What exactly is a “median range”?
And whatever it is, why would your “median range” long-term homeowners distort the price-income ratio in San Francisco only and not in the rest of California and the country?
In general, your argument re the price-income ratio and the “median family” makes absolutely no sense. What is your point? How does this “median family” affect or not affect this ratio, mathematically or statistically speaking?
The rest of your argument is the typical and topical rant of a certain ilk of transplant who comes to SF, tries to act like they’re more native than the natives, and thinks they are entitled to “affordable housing” (and sneer at B&Ts and the very pleasant suburbs of the Bay Area when, in fact, they come from places like Arsewype, New Jersey).
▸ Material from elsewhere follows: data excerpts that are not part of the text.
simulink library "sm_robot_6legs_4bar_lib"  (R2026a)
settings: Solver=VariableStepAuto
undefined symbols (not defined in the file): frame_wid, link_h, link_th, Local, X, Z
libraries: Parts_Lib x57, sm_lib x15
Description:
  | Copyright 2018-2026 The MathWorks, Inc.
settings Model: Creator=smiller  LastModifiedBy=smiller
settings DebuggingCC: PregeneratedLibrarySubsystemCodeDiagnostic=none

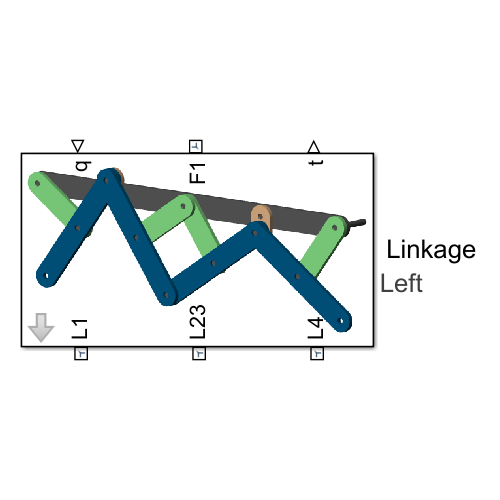
[thumbnail: Simulink's stored preview of the top-level diagram]
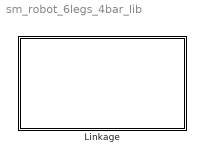
== system sm_robot_6legs_4bar_lib ==
  Linkage : Subsystem  mask(Leg Mechanism and Frame){popup_LorR=Left}
      mask prompts: popup_LorR "Side"
      mask help: Two connected four-bar linkages form three legs for one side of a 6-legged robot. Set the parameter below to select the side of the robot. Dimensions and other parameters are defined using variables in the MATLAB Workspace.
      mask init:
      | f    = Simulink.FindOptions('FollowLinks',1,'LookUnderMasks','all','regexp',1);
      | temp_rod_pth = Simulink.findBlocks(bdroot,'ReferenceBlock','.*Rod','popup_zori','.*',f);
      | 
      | if(popup_LorR == 1)
      |     rod_setting = 0;
      |     set_param([gcb '/Revolute Cam L12'],'PositionTargetValue','270');
      |     set_param([gcb '/Revolute Cam L34'],'PositionTargetValue','90');
      | else
      |     rod_setting = 1;
      |     set_param([gcb '/Revolute Cam L12'],'PositionTargetValue','90');
      |     set_param([gcb '/Revolute Cam L34'],'PositionTargetValue','270');
      | end
      | 
      | for temp_rod_i = 1:length(temp_rod_pth)
      |     set_param(temp_rod_pth(temp_rod_i),'popup_zori',rod_setting);
      | end
      settings: AttributesFormatString=%<popup_LorR>
      mask TypeOptions popup_LorR: Left | Right
      mask Display:
      | if(strcmpi(get_param(gcb,'popup_LorR'),'Left'))
      |     image('sm_robot_6legs_4bar_Linkage_Left_IMAGE.png');
      | else
      |     image('sm_robot_6legs_4bar_Linkage_Right_IMAGE.png');
      | end

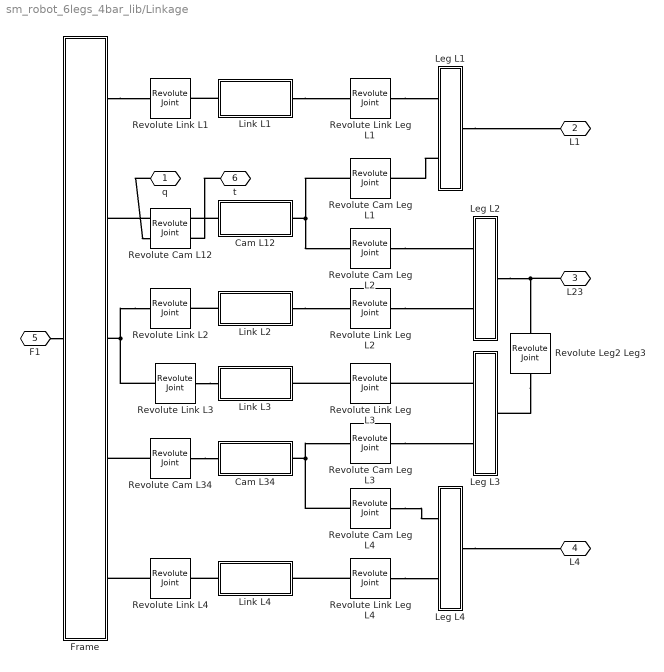
== system sm_robot_6legs_4bar_lib/Linkage ==
  Cam L12 : Subsystem
  Cam L34 : Subsystem
  Frame : Subsystem
  Leg L1 : Subsystem
  Leg L2 : Subsystem
  Leg L3 : Subsystem
  Leg L4 : Subsystem
  Link L1 : Subsystem
  Link L2 : Subsystem
  Link L3 : Subsystem
  Link L4 : Subsystem
  Revolute Leg2 Leg3 : sm_lib/Joints/Revolute Joint  JointMode=Normal  CompositeWrenchDir=FollowerOnBase  CompositeWrenchFrame=BaseFrame  SenseConstraintForce=off  SenseConstraintTorque=off  SenseTotalForce=off  SenseTotalTorque=off  PositionTargetSpecify=on  PositionTargetPriority=Low  PositionTargetValue=-90  PositionTargetValueUnits=deg  VelocityTargetSpecify=off  VelocityTargetPriority=High  VelocityTargetValue=0  VelocityTargetValueUnits=deg/s  EquilibriumPosition=0  EquilibriumPositionUnits=deg  SpringStiffness=0  SpringStiffnessUnits=N*m/deg  DampingCoefficient=0  DampingCoefficientUnits=N*m/(deg/s)  LowerLimitSpecify=off  LowerLimitBound=-90  LowerLimitBoundUnits=deg  LowerLimitStiffness=1e4  LowerLimitStiffnessUnits=N*m/deg  LowerLimitDamping=10  LowerLimitDampingUnits=N*m/(deg/s)  LowerLimitTransitionRegionWidth=0.1  LowerLimitTransitionRegionWidthUnits=deg  UpperLimitSpecify=off  UpperLimitBound=90  UpperLimitBoundUnits=deg  UpperLimitStiffness=1e4  UpperLimitStiffnessUnits=N*m/deg  UpperLimitDamping=10  UpperLimitDampingUnits=N*m/(deg/s)  UpperLimitTransitionRegionWidth=0.1  UpperLimitTransitionRegionWidthUnits=deg  TorqueActuationMode=NoTorque  MotionActuationMode=ComputedMotion  SensePosition=off  SenseVelocity=off  SenseAcceleration=off  SenseTorqueForce=off  SenseLowerLimitTorqueForce=off  SenseUpperLimitTorqueForce=off
      settings: AttributesFormatString=t0: %<PositionTargetValue> %<PositionTargetValueUnits>, %<PositionTargetPriority>
  Revolute Cam L12 : sm_lib/Joints/Revolute Joint  JointMode=Normal  CompositeWrenchDir=FollowerOnBase  CompositeWrenchFrame=BaseFrame  SenseConstraintForce=off  SenseConstraintTorque=off  SenseTotalForce=off  SenseTotalTorque=off  PositionTargetSpecify=on  PositionTargetPriority=High  PositionTargetValue=270  PositionTargetValueUnits=deg  VelocityTargetSpecify=off  VelocityTargetPriority=High  VelocityTargetValue=0  VelocityTargetValueUnits=deg/s  EquilibriumPosition=0  EquilibriumPositionUnits=deg  SpringStiffness=0  SpringStiffnessUnits=N*m/deg  DampingCoefficient=0.001  DampingCoefficientUnits=N*m/(deg/s)  LowerLimitSpecify=off  LowerLimitBound=-90  LowerLimitBoundUnits=deg  LowerLimitStiffness=1e4  LowerLimitStiffnessUnits=N*m/deg  LowerLimitDamping=10  LowerLimitDampingUnits=N*m/(deg/s)  LowerLimitTransitionRegionWidth=0.1  LowerLimitTransitionRegionWidthUnits=deg  UpperLimitSpecify=off  UpperLimitBound=90  UpperLimitBoundUnits=deg  UpperLimitStiffness=1e4  UpperLimitStiffnessUnits=N*m/deg  UpperLimitDamping=10  UpperLimitDampingUnits=N*m/(deg/s)  UpperLimitTransitionRegionWidth=0.1  UpperLimitTransitionRegionWidthUnits=deg  TorqueActuationMode=ComputedTorque  MotionActuationMode=InputMotion  SensePosition=off  SenseVelocity=off  SenseAcceleration=off  SenseTorqueForce=on  SenseLowerLimitTorqueForce=off  SenseUpperLimitTorqueForce=off
      settings: AttributesFormatString=t0: %<PositionTargetValue> %<PositionTargetValueUnits>, %<PositionTargetPriority>
  Revolute Cam L34 : sm_lib/Joints/Revolute Joint  JointMode=Normal  CompositeWrenchDir=FollowerOnBase  CompositeWrenchFrame=BaseFrame  SenseConstraintForce=off  SenseConstraintTorque=off  SenseTotalForce=off  SenseTotalTorque=off  PositionTargetSpecify=on  PositionTargetPriority=Low  PositionTargetValue=90  PositionTargetValueUnits=deg  VelocityTargetSpecify=off  VelocityTargetPriority=High  VelocityTargetValue=0  VelocityTargetValueUnits=deg/s  EquilibriumPosition=0  EquilibriumPositionUnits=deg  SpringStiffness=0  SpringStiffnessUnits=N*m/deg  DampingCoefficient=0  DampingCoefficientUnits=N*m/(deg/s)  LowerLimitSpecify=off  LowerLimitBound=-90  LowerLimitBoundUnits=deg  LowerLimitStiffness=1e4  LowerLimitStiffnessUnits=N*m/deg  LowerLimitDamping=10  LowerLimitDampingUnits=N*m/(deg/s)  LowerLimitTransitionRegionWidth=0.1  LowerLimitTransitionRegionWidthUnits=deg  UpperLimitSpecify=off  UpperLimitBound=90  UpperLimitBoundUnits=deg  UpperLimitStiffness=1e4  UpperLimitStiffnessUnits=N*m/deg  UpperLimitDamping=10  UpperLimitDampingUnits=N*m/(deg/s)  UpperLimitTransitionRegionWidth=0.1  UpperLimitTransitionRegionWidthUnits=deg  TorqueActuationMode=NoTorque  MotionActuationMode=ComputedMotion  SensePosition=off  SenseVelocity=off  SenseAcceleration=off  SenseTorqueForce=off  SenseLowerLimitTorqueForce=off  SenseUpperLimitTorqueForce=off
      settings: AttributesFormatString=t0: %<PositionTargetValue> %<PositionTargetValueUnits>, %<PositionTargetPriority>
  Revolute Cam Leg L1 : sm_lib/Joints/Revolute Joint  JointMode=Normal  CompositeWrenchDir=FollowerOnBase  CompositeWrenchFrame=BaseFrame  SenseConstraintForce=off  SenseConstraintTorque=off  SenseTotalForce=off  SenseTotalTorque=off  PositionTargetSpecify=off  PositionTargetPriority=Low  PositionTargetValue=135  PositionTargetValueUnits=deg  VelocityTargetSpecify=off  VelocityTargetPriority=High  VelocityTargetValue=0  VelocityTargetValueUnits=deg/s  EquilibriumPosition=0  EquilibriumPositionUnits=deg  SpringStiffness=0  SpringStiffnessUnits=N*m/deg  DampingCoefficient=0  DampingCoefficientUnits=N*m/(deg/s)  LowerLimitSpecify=off  LowerLimitBound=-90  LowerLimitBoundUnits=deg  LowerLimitStiffness=1e4  LowerLimitStiffnessUnits=N*m/deg  LowerLimitDamping=10  LowerLimitDampingUnits=N*m/(deg/s)  LowerLimitTransitionRegionWidth=0.1  LowerLimitTransitionRegionWidthUnits=deg  UpperLimitSpecify=off  UpperLimitBound=90  UpperLimitBoundUnits=deg  UpperLimitStiffness=1e4  UpperLimitStiffnessUnits=N*m/deg  UpperLimitDamping=10  UpperLimitDampingUnits=N*m/(deg/s)  UpperLimitTransitionRegionWidth=0.1  UpperLimitTransitionRegionWidthUnits=deg  TorqueActuationMode=NoTorque  MotionActuationMode=ComputedMotion  SensePosition=off  SenseVelocity=off  SenseAcceleration=off  SenseTorqueForce=off  SenseLowerLimitTorqueForce=off  SenseUpperLimitTorqueForce=off
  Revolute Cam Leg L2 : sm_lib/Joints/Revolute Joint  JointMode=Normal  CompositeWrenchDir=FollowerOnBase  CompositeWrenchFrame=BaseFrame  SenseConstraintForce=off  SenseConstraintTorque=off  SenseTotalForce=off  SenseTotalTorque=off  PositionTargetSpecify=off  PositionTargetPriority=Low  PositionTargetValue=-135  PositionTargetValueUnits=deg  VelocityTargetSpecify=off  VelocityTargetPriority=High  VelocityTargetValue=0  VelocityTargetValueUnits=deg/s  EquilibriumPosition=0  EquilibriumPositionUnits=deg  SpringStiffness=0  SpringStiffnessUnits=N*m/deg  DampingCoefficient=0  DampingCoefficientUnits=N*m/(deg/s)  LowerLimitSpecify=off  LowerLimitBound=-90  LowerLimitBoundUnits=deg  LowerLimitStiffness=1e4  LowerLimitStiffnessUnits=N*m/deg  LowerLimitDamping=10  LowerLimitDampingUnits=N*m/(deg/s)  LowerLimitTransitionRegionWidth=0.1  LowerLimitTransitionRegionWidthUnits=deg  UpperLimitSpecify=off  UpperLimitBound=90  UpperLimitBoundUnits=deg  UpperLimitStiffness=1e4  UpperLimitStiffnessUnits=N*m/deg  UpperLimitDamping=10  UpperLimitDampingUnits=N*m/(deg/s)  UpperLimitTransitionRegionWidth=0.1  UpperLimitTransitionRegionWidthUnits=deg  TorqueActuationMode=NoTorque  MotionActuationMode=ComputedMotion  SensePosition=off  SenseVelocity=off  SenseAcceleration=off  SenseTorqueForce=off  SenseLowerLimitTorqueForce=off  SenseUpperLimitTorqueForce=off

A young native would just go live at home with Mom and Dad (or Mom and Mom or Dad and Dad around here) like people of that generation are doing in greater and greater numbers all around the country. Unless your parents are cheap and charge you rent, that is the ultimate “affordable housing”.
Very valid arguments.
Mid 90s was exactly at the beginning of the tech bubble. A chunk of that bubble popped, but a lot of the wealth stayed and thrived. Many many people came to the BA after 95. Remember the early 90s? The end of the military involvement in the region? That had helped depress LA and the BA. Which is why the ratios were still in check. That was PRE-BUBBLE. My point still holds.
“Medians” We shouldn’t mix medians with averages. If the SF population has 80% of people making less than 100K, then that median will be in less than 100K (I believe it is around 70K). If the 20% left are very very well off (Web 2.0, Biotech, Lawyers, entrepreneurs etc…) and the pool of houses that they will accept to buy is very limited (due to Prop 13 and rent control/protection) then this minority will compete harshly for whatever is available for sale. With 60%+ renters, this leaves less 40% of the housing stock available for purchase, most of it frozen due to Prop 13.
This is math, pure and simple. Yes there is a number of wealthy earners that compete for a very limited supply and everyone else fights for the crumbs. Yes, our social/moral choices led to this Frankenstein market.
Is prop 13 going to disappear? Nope. Is rent control going to disappear? Nope. The imbalance is permanent. It is correcting, but it won’t go away.